Publié il y a 2 ans - Mise à jour le 20.02.2022 - pierre-havez - 3 min  - vu 3078 fois

AU PALAIS Le juge : « Votre victime a les côtes cassées, et vous dîtes que c’est de sa faute ? »

La cour d'assises - tribunal de Nîmes. Photo Tony Duret / Objectif Gard

Difficile de croire que le prévenu qui pénètre péniblement dans le box du tribunal judiciaire de Nîmes, ce jeudi 17 février 2022, a percuté quelques jours plus tôt, à près de 200 km/h, une autre voiture sur l’autoroute.

L’homme de 56 ans, cheveux blancs dégarnis, yeux jaunis et lunettes relevées sur le front, en paraît presque vingt de plus. Au volant de sa Porsche Caïman immatriculée en Suisse, sans permis, ni assurance, il a embouti violemment l’arrière d’une voiture en train de doubler tranquillement sur l’autoroute. La Nissan Micra conduite… par un élève de l’école de police de Nîmes effectue plusieurs têtes-à-queue avant de finir contre la rambarde de sécurité.

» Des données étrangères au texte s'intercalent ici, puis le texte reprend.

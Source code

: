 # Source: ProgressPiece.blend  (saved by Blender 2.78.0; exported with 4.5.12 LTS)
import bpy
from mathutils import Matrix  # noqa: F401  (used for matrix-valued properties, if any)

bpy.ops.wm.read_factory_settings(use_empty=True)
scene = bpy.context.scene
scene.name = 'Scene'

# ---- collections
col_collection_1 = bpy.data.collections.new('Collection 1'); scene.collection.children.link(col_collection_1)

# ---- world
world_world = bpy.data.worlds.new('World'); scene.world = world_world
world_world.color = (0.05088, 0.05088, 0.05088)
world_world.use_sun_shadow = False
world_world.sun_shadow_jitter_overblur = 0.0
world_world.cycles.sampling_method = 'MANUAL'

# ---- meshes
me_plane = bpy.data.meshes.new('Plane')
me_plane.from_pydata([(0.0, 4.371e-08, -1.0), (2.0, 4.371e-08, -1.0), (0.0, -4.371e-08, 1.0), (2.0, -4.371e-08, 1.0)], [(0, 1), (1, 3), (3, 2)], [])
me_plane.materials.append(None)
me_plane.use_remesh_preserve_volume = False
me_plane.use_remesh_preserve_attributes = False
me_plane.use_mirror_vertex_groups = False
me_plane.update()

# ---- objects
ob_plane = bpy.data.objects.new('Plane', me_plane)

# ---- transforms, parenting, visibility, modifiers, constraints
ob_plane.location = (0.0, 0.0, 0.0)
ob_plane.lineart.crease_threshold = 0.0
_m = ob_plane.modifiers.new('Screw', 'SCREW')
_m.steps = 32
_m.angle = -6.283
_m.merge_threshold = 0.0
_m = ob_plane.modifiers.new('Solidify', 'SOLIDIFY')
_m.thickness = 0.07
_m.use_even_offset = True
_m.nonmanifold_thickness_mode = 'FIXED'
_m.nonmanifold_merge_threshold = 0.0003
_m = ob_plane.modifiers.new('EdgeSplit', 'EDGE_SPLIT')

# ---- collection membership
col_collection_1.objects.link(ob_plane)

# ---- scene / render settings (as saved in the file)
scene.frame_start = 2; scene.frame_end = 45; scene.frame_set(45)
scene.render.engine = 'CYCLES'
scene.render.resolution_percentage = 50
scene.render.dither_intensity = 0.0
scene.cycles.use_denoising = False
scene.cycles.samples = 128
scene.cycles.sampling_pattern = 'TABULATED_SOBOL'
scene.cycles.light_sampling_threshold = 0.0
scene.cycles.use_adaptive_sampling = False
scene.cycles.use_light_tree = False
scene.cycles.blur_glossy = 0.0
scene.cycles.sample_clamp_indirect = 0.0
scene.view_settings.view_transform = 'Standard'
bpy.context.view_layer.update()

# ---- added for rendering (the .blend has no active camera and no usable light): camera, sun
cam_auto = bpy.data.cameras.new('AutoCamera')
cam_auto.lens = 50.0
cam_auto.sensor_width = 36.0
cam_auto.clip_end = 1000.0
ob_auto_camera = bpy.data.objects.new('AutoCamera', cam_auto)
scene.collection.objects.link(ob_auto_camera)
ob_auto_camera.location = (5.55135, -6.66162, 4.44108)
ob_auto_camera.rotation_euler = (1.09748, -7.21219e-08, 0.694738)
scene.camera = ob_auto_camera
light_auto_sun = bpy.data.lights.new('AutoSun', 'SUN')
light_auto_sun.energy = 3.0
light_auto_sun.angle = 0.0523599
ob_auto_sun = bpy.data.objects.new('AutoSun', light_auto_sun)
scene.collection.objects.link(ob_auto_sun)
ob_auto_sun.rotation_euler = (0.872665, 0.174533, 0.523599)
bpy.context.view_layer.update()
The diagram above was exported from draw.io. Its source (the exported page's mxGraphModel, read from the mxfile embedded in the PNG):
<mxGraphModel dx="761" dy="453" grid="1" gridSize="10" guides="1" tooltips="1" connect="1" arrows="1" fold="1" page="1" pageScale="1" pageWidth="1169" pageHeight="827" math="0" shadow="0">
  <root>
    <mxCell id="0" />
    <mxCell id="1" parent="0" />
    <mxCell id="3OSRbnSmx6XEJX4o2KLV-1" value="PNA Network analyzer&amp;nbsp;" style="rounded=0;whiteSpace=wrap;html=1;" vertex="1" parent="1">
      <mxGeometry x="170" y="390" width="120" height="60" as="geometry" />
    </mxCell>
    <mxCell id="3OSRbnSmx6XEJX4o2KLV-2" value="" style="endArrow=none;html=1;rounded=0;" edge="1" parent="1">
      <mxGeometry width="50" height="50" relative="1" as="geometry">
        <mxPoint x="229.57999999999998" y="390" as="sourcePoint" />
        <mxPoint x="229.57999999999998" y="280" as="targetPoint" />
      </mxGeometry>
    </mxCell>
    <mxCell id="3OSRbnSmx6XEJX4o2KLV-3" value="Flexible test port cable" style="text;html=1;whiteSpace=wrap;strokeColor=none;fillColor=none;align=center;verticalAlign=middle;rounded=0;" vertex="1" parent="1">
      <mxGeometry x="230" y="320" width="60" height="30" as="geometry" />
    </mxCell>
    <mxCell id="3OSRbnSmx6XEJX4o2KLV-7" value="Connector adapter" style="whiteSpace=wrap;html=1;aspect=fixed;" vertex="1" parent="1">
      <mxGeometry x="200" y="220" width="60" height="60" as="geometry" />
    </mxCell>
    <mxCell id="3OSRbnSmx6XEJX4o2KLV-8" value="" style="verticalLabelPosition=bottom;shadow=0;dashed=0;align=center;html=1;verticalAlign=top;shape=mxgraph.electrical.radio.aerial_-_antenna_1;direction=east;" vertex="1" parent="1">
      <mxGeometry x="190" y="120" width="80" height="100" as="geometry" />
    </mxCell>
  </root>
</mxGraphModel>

« Ce qui est encore plus surprenant encore, c’est qu’au lieu de prendre des nouvelles de votre victime, vous lui reprochez sa conduite, avant de disparaître au moment de l’arrivée des secours, gronde sourdement le président Jérôme Reynes. Pire, une quarantaine de minutes après les faits, vous retirez la carte Sim de votre portable. Et, lorsque l’on vous interpelle finalement, vers 8h45 du matin, vous avez encore plus d’1 mg d’alcool/L ! »

Carte Sim

En sursis pour des faits similaires, le récidiviste ne semble pas réaliser la dangerosité de sa conduite. « La voiture a déboité trop près devant moi », tente -t-il de se justifier. « Votre victime a eu 10 jours d’ITT, avec des côtes cassées, et vous dîtes que c’est de sa faute ? », s’étrangle le juge, interloqué. « C’est pas beaucoup », articule difficilement le chauffard. « Très bien, alors pourquoi prenez-vous la fuite, si ce n’est pas grave ? », poursuit patiemment Jérômes Reynes. L’ancien ripeur enchaine les réponses vagues. « Je me rendais à l’hôpital car ma femme venait de sortir du coma. » Le magistrat finit par perdre patience. « Oui sauf que finalement, vous êtes rentré chez vous !, tonne-t-il. Et en plus, vous retirez la carte Sim de votre téléphone, pourquoi ? ». Le quinquagénaire reste de marbre « Elle ne marchait plus », se contente-t-il de prétendre.

Épave

L’avocat de l’apprenti policier semble déçu par tant de mauvaise foi. « La voiture de mon client est une épave. Heureusement que le Samu se trouvait juste derrière lui et qu’il a pu être pris en charge immédiatement, pointe-t-il. Mais alors qu’il consulte un psychologue et hésite à reconduire, il s’attendait au moins à des excuses aujourd’hui. Que vais-je pouvoir lui dire ? » Le procureur enfonce le clou. « Là où cela devient extrêmement grave, c’est qu’il fuit les lieux de l’accident. Est-ce en raison de sa vitesse excessive, de son défaut d’assurance et de permis, ou de son état d’ébriété ? Les circonstances aggravantes ne manquent pas ! », assène Philip Ughetto, qui réclame la révocation totale du permis du prévenu ainsi qu’une peine globale d’au moins quatre ans d’emprisonnement.

Invalidité

L’avocate de l’ancien éboueur tente d’amadouer la cour. « Il est âgé de 56 ans et se déplace comme quelqu’un de beaucoup plus âgé, fait observer Sophie Salton. Son invalidité depuis plusieurs années a fortement aggravé son problème avec l’alcool. En fait, sa femme venait de faire un AVC, également lié à sa propre consommation ! Ils sont dans le déni, mais son état n’est pas compatible avec la maison d’arrêt… Il doit être soigné. »

Le tribunal ne l’entend pas de cette oreille et condamne le chauffard à un total de 3 ans de prison, l’annulation et l’interdiction de repasser son permis pendant 3 ans, ainsi que la confiscation de son 4*4 de sport.